SILICON VALLEY -- Anticipation is growing in the stock market that Chinese e-commerce giant Alibaba Group Holding will rake in more cash than any other Internet company, including Facebook, when it goes public in the U.S.

     Alibaba is preparing to list either on the New York Stock Exchange or the Nasdaq, with an application likely to be submitted as early as this month.

     Currently, the largest amount raised by an Internet company through an initial public offering is the $16 billion Facebook rang up in 2012. Many market players see Alibaba pulling in at least $15 billion based on its corporate value and other factors.

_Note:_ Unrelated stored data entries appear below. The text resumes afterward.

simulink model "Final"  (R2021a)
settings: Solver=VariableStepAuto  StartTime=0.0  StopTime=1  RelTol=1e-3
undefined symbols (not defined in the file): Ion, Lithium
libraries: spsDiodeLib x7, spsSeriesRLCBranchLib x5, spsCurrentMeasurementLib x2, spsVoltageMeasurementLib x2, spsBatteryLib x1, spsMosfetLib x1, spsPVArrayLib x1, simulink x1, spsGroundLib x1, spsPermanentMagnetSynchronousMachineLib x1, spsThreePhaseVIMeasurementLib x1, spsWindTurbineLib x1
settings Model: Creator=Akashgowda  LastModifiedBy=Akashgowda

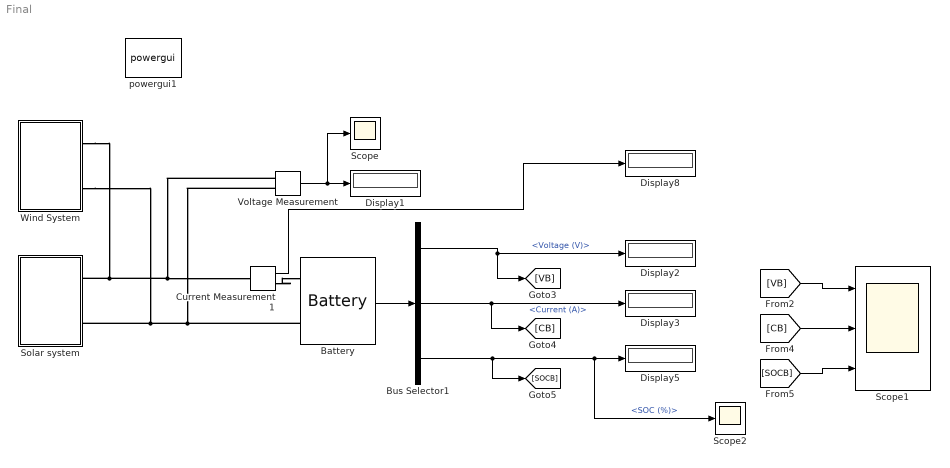
== system Final ==
  Battery : spsBatteryLib/Battery  BatType=Lithium-Ion  ShowTempParam=off  ThermalPreset=no  ShowAgeParam=off  NomV=12  NomQ=150  SOC=90  Batt_Tr=10  PresetModel=on  MaxQ=150  MinV=9  FullV=13.9678  Dis_rate=65.2174  R=0.0008  Normal_OP=135.6522  expZone="[12.9646      7.36957]"  current=[6.5 13 32.5]  Units=Time  Tci=20  NomT=20  T2=-30  MaxQ2=4.8  FullV2=7.1  Normal_OP2=5.655  expZone2="[6.58           1]"  Rca=0.6  ti=2000  Dp=0  Neq0=0  Tsim=1e6  Ta1=25  Qeol=5.4*0.9  Reol=0.013333*1.2  Char_age=[2.3478, 3]  Dis_age=[2.3478, 10]  N1=1500  N2=10500  N3=1000  N4=1400  Ta2=45  N5=950
  Bus Selector1 : BusSelector  OutputSignals=Voltage (V),Current (A),SOC (%)
  Current Measurement1 : spsCurrentMeasurementLib/Current Measurement  PhasorSimulation=off  OutputType=Complex  PSBequivalent=0
  Display{1..3,5,8} (5 alike) : Display
  Scope : Scope
  Scope1 : Scope  NumInputPorts=3
  Scope2 : Scope
  Solar system : Subsystem
  Voltage Measurement : spsVoltageMeasurementLib/Voltage Measurement  PhasorSimulation=off  OutputType=Complex  PSBequivalent=0
  Wind System : Subsystem
  powergui1 : spspowerguiLib/powergui  Priority=1  SimulationMode=Continuous  SampleTime=50e-6  frequency=60  Iterations=50  frequencyindice=0  Pbase=100e6  ErrMax=1e-4  UnitsV=kV  UnitsW=MW  buscounter=0  FunctionMessages=off  echomessages=off  EnableUseOfTLC=off  CurrentSourceSwitches=off  DisableSnubberDevices=off  DisableRonSwitches=off  DisableVfSwitches=off  DisplayEquations=off  AutomaticDiscreteSolvers=off  SolverType=Tustin/Backward Euler (TBE)  Interpol=off  ExternalGateDelay=off  methode=off  Ts=100  x0status=blocks  SPID=on  SwTol=0  HookPort=off  NonlinearTolerance=1e-4  nMaxIteration=100  ContinueOnMaxIteration=off  RestoreLinks=warning  ResistiveCurrentMeasurement=off  Frange=[0:2:500]  Ylog=off  Xlog=on  ShowGrid=off  save=off  variable=ZData  structure=0  ZoomFFT=off  StartTime=0.0  cycles=1  DisplayStyle=1  fundamental=60  FreqAxis=off  MaxFrequency=1000  frequencyindicesteady=1  RmsSteady=1  display=off
  wires:
  [VB] -> Scope1/1
  [SOCB] -> Scope1/3
  Bus Selector1/1 -> Display2/1, [VB]  "<Voltage (V)>"
  Bus Selector1/3 -> [SOCB], Scope2/1, Display5/1  "<SOC (%)>"
  Bus Selector1/2 -> [CB], Display3/1  "<Current (A)>"
  [CB] -> Scope1/2
  Battery/1 -> Bus Selector1/1
  Voltage Measurement/1 -> Scope/1, Display1/1
  Current Measurement1/1 -> Display8/1
  connections:
  Wind System/RConn2 -- Battery/LConn2 -- Voltage Measurement/LConn2 -- Solar system/RConn2
  Wind System/RConn1 -- Current Measurement1/LConn1 -- Voltage Measurement/LConn1 -- Solar system/RConn1
  Current Measurement1/RConn1 -- Battery/LConn1

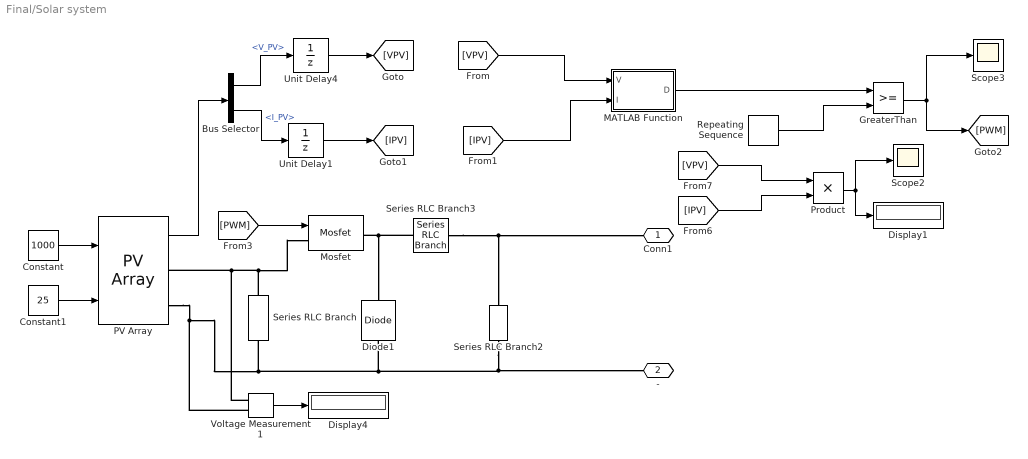
== system Final/Solar system ==
  Bus Selector : BusSelector  OutputSignals=V_PV,I_PV
  Constant : Constant  Value=1000
  Constant1 : Constant  Value=25
  Diode1 : spsDiodeLib/Diode  Ron=0.001  Lon=0  Vf=0.8  IC=0  UseSnubber=0  Rs=500  Cs=250e-9  Measurements=off
  Display1 : Display
  Display4 : Display
  GreaterThan : RelationalOperator  OutDataTypeStr=boolean  RndMeth=Simplest
  MATLAB Function : MATLAB Function  TreatAsAtomicUnit=on
  Mosfet : spsMosfetLib/Mosfet  Ron=0.1  Lon=0  Rd=0.01  Vfd=0  IC=0  Rs=1e5  Cs=inf  Measurements=off
  PV Array : spsPVArrayLib/PV Array  Npar=1  Nser=1  PlotType=array @ 25 deg.C & specified irradiances  S_vec="[ 1000  500  100 ]"  Temp_C_vec="[ 45 25  ]"  ModuleName=User-defined  PlotWhenSelected=off  Pm=213.15  Ncell=60  Voc=36.3  Isc=7.84  Vm=29  Im=7.35  beta_Voc_pc=-0.36099  alpha_Isc_pc=0.102  beta_Voc=-0.13104  alpha_Isc=0.0079968  IL=7.8654  I0=2.9273e-10  nI=0.98119  Rsh=313.0553  Rs=0.39381  RobustModel=off  RobustCellTemperature=313.3991  BAL=on  Tc=1e-6  Tfilter=5e-5
  Product : Product
  Repeating Sequence : simulink/Sources/Repeating Sequence  rep_seq_t=[0 0.0002]  rep_seq_y=[0 1]
  Scope2 : Scope
  Scope3 : Scope
  Series RLC Branch : spsSeriesRLCBranchLib/Series RLC Branch  LConnTagsString=__new0  RConnTagsString=__new0  BranchType=RC  Resistance=0.0001  Inductance=1e-3  SetiL0=off  InitialCurrent=0  Capacitance=1000e-6  Setx0=off  InitialVoltage=0  Measurements=None
  Series RLC Branch2 : spsSeriesRLCBranchLib/Series RLC Branch  LConnTagsString=__new0  RConnTagsString=__new0  BranchType=C  Resistance=1  Inductance=1e-3  SetiL0=off  InitialCurrent=0  Capacitance=369.79e-6  Setx0=off  InitialVoltage=0  Measurements=None
  Series RLC Branch3 : spsSeriesRLCBranchLib/Series RLC Branch  LConnTagsString=__new0  RConnTagsString=__new0  BranchType=L  Resistance=1  Inductance=772.64e-6  SetiL0=off  InitialCurrent=0  Capacitance=1e-6  Setx0=off  InitialVoltage=0  Measurements=None
  Unit Delay1 : UnitDelay  SampleTime=1e-4  HasFrameUpgradeWarning=on
  Unit Delay4 : UnitDelay  SampleTime=1e-4  HasFrameUpgradeWarning=on
  Voltage Measurement1 : spsVoltageMeasurementLib/Voltage Measurement  PhasorSimulation=off  OutputType=Complex  PSBequivalent=0
  Conn1 : PMIOPort  Side=Right
  - : PMIOPort  Port=2  Side=Right
  wires:
  Voltage Measurement1/1 -> Display4/1
  Constant/1 -> PV Array/1
  Bus Selector/2 -> Unit Delay1/1  "<I_PV>"
  Product/1 -> Display1/1, Scope2/1
  [IPV] -> Product/2
  PV Array/1 -> Bus Selector/1
  Constant1/1 -> PV Array/2
  Unit Delay4/1 -> [VPV]
  [VPV] -> Product/1
  Bus Selector/1 -> Unit Delay4/1  "<V_PV>"
  [VPV] -> MATLAB Function/1(V)
  Unit Delay1/1 -> [IPV]
  MATLAB Function/1(D) -> GreaterThan/1
  [IPV] -> MATLAB Function/2(I)
  Repeating Sequence/1 -> GreaterThan/2
  [PWM] -> Mosfet/1
  GreaterThan/1 -> Scope3/1, [PWM]
  connections:
  Series RLC Branch2/RConn1 -- PV Array/RConn2 -- Voltage Measurement1/LConn2 -- Series RLC Branch/RConn1 -- Diode1/LConn1 -- -/RConn1
  PV Array/RConn1 -- Series RLC Branch/LConn1 -- Mosfet/LConn1 -- Voltage Measurement1/LConn1
  Series RLC Branch3/RConn1 -- Mosfet/RConn1 -- Diode1/RConn1
  Series RLC Branch3/LConn1 -- Conn1/RConn1 -- Series RLC Branch2/LConn1

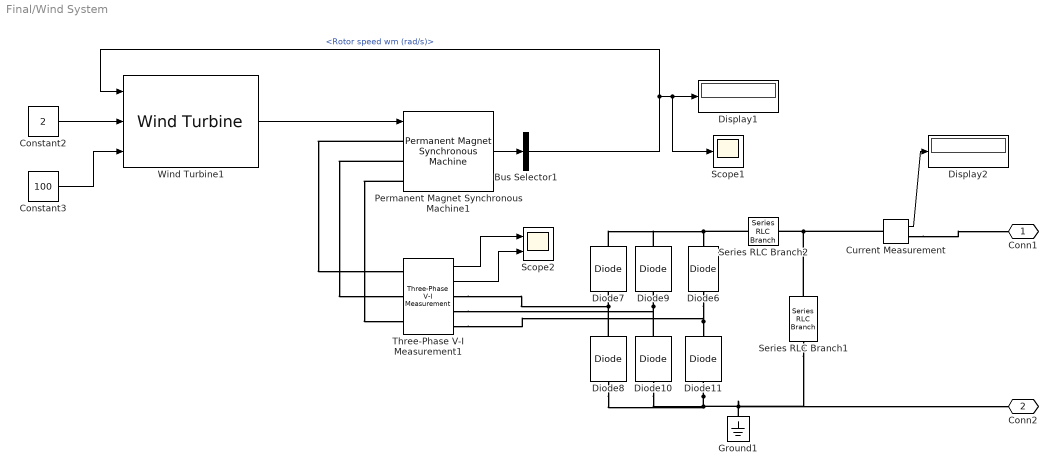
== system Final/Wind System ==
  Bus Selector1 : BusSelector  OutputSignals=Rotor speed wm (rad/s)
  Constant2 : Constant  Value=2
  Constant3 : Constant  Value=100
  Current Measurement : spsCurrentMeasurementLib/Current Measurement  PhasorSimulation=off  OutputType=Complex  PSBequivalent=0
  Diode{6..11} (6 alike) : spsDiodeLib/Diode  Ron=0.001  Lon=0  Vf=0.8  IC=0  UseSnubber=0  Rs=500  Cs=250e-9  Measurements=off
  Display1 : Display
  Display2 : Display
  Ground1 : spsGroundLib/Ground  LConnTagsString=a
  Permanent Magnet Synchronous Machine1 : spsPermanentMagnetSynchronousMachineLib/Permanent Magnet Synchronous Machine  NbPhases=3  FluxDistribution=Sinusoidal  RotorType=Round  MechanicalLoad=Torque Tm  PresetModel=No  ShowDetailedParameters=on  MeasurementBus=off  Resistance=0.0485  Inductance=8.5e-3  dqInductances=[8.5e-3,8.5e-3]  La=0.000395  MachineConstant=Flux linkage established by magnets (V.s)  Flux=0.1194  VoltageCst=86.6271  TorqueCst=0.7164  Flat=120  Mechanical=[0.0027 0.0004924 4 0]  PolePairs=4  InitialConditions=[0,0, 0,0]  InitialConditions5ph=[0 0 0 0 0 0]  RefAngle=90 degrees behind phase A axis (modified Park)  IterativeDiscreteModel=Trapezoidal non iterative  TsBlock=-1  TsPowergui=0
  Scope1 : Scope
  Scope2 : Scope  NumInputPorts=2
  Series RLC Branch1 : spsSeriesRLCBranchLib/Series RLC Branch  LConnTagsString=__new0  RConnTagsString=__new0  BranchType=C  Resistance=1  Inductance=1e-3  SetiL0=off  InitialCurrent=0  Capacitance=200e-6  Setx0=off  InitialVoltage=0  Measurements=None
  Series RLC Branch2 : spsSeriesRLCBranchLib/Series RLC Branch  LConnTagsString=__new0  RConnTagsString=__new0  BranchType=L  Resistance=1  Inductance=1e-3  SetiL0=off  InitialCurrent=0  Capacitance=200e-6  Setx0=off  InitialVoltage=0  Measurements=None
  Three-Phase V-I Measurement1 : spsThreePhaseVIMeasurementLib/Three-Phase V-I Measurement  VoltageMeasurement=phase-to-ground  SetLabelV=off  LabelV=Vabc  Vpu=off  VpuLL=off  CurrentMeasurement=yes  SetLabelI=off  LabelI=Iabc  Ipu=off  Pbase=100e6  Vbase=500e3  OutputType=Complex  PhasorSimulation=off  PSBequivalent=0
  Wind Turbine1 : spsWindTurbineLib/Wind Turbine  Pnom=1.5e6  Pelec_base=1.5e6/0.9  wind_base=12  P_wind_base=0.73  speed_nom=1.2  pitch_angle=0  c1_c6="[0.51763          116          0.4            5           21     0.006795]"  cp_nom=0.48  lambda_nom=8.1
      settings: SourceProductBaseCode=PS
  Conn1 : PMIOPort  Side=Right
  Conn2 : PMIOPort  Port=2  Side=Right
  wires:
  Constant2/1 -> Wind Turbine1/2
  Bus Selector1/1 -> Wind Turbine1/1, Scope1/1, Display1/1  "<Rotor speed wm (rad/s)>"
  Three-Phase V-I Measurement1/2 -> Scope2/2
  Wind Turbine1/1 -> Permanent Magnet Synchronous Machine1/1
  Constant3/1 -> Wind Turbine1/3
  Three-Phase V-I Measurement1/1 -> Scope2/1
  Permanent Magnet Synchronous Machine1/1 -> Bus Selector1/1
  Current Measurement/1 -> Display2/1
  connections:
  Diode6/RConn1 -- Series RLC Branch2/LConn1 -- Diode7/RConn1 -- Diode9/RConn1
  Diode7/LConn1 -- Diode8/RConn1 -- Three-Phase V-I Measurement1/RConn1
  Diode9/LConn1 -- Three-Phase V-I Measurement1/RConn2 -- Diode10/RConn1
  Diode11/LConn1 -- Series RLC Branch1/RConn1 -- Conn2/RConn1 -- Ground1/LConn1 -- Diode8/LConn1 -- Diode10/LConn1
  Series RLC Branch1/LConn1 -- Current Measurement/LConn1 -- Series RLC Branch2/RConn1
  Diode11/RConn1 -- Diode6/LConn1 -- Three-Phase V-I Measurement1/RConn3
  Permanent Magnet Synchronous Machine1/LConn1 -- Three-Phase V-I Measurement1/LConn1
  Permanent Magnet Synchronous Machine1/LConn2 -- Three-Phase V-I Measurement1/LConn2
  Permanent Magnet Synchronous Machine1/LConn3 -- Three-Phase V-I Measurement1/LConn3
  Current Measurement/RConn1 -- Conn1/RConn1

== matlab function Final/Solar system/MATLAB Function ==
  data: V input; D output; I input
function D = Duty_cycle(V, I)

Dmax = 0.95;
Dmin = 0;
Dinit = 0.95;
deltaD = 0.0001;

persistent Vold Pold Dold;
dataType = 'double';

if isempty(Vold)
    Vold =0;
    Pold=0;
    Dold=Dinit;
end

P = V*I;
dV = V-Vold;
dP = P-Pold;

if dP ~= 0
    if dP<0
        if dV<0
            D = Dold - deltaD;
        else
            D = Dold - deltaD;
        end
    else
        if dV<0
            D = Dold + deltaD;
        else
            D = Dold - deltaD;
        end
    end
else D = Dold
end
if D >= Dmax || D < Dmin
    D = Dold
end
Dold = D;
Vold=V;
Pold=P;

     The company's earnings have been growing steadily and its profitability has been improving, so the IPO price and number of shares offered may exceed initial projections. This had led to the view that it will raise nearly $20 billion, with some analysts putting its post-IPO market capitalization at $250 billion.

     Alibaba's revenue for the October-December quarter spiked 66% on the year, according to Yahoo!, which owns a 24% stake in the Chinese company. Its operating profit margin rose 10 percentage points to about 54%. And net profit more than doubled to $1.3 billion.

     Gross merchandise sales at China's largest e-commerce company likely reached 25 trillion yen ($241 billion) last year, with the figure roughly doubling every year over the past decade. It sells more products than U.S. giants Amazon.com and eBay combined. Because Alibaba does not sell its own products but acts as a middleman, it enjoys a high profit margin even though its revenue is only about a tenth of Amazon's.

     Alibaba had initially planned to go public in Hong Kong, but changed its mind because local authorities did not permit a partnership control structure in which a select group of people, including the company's founder and executives, hold more power than ordinary shareholders.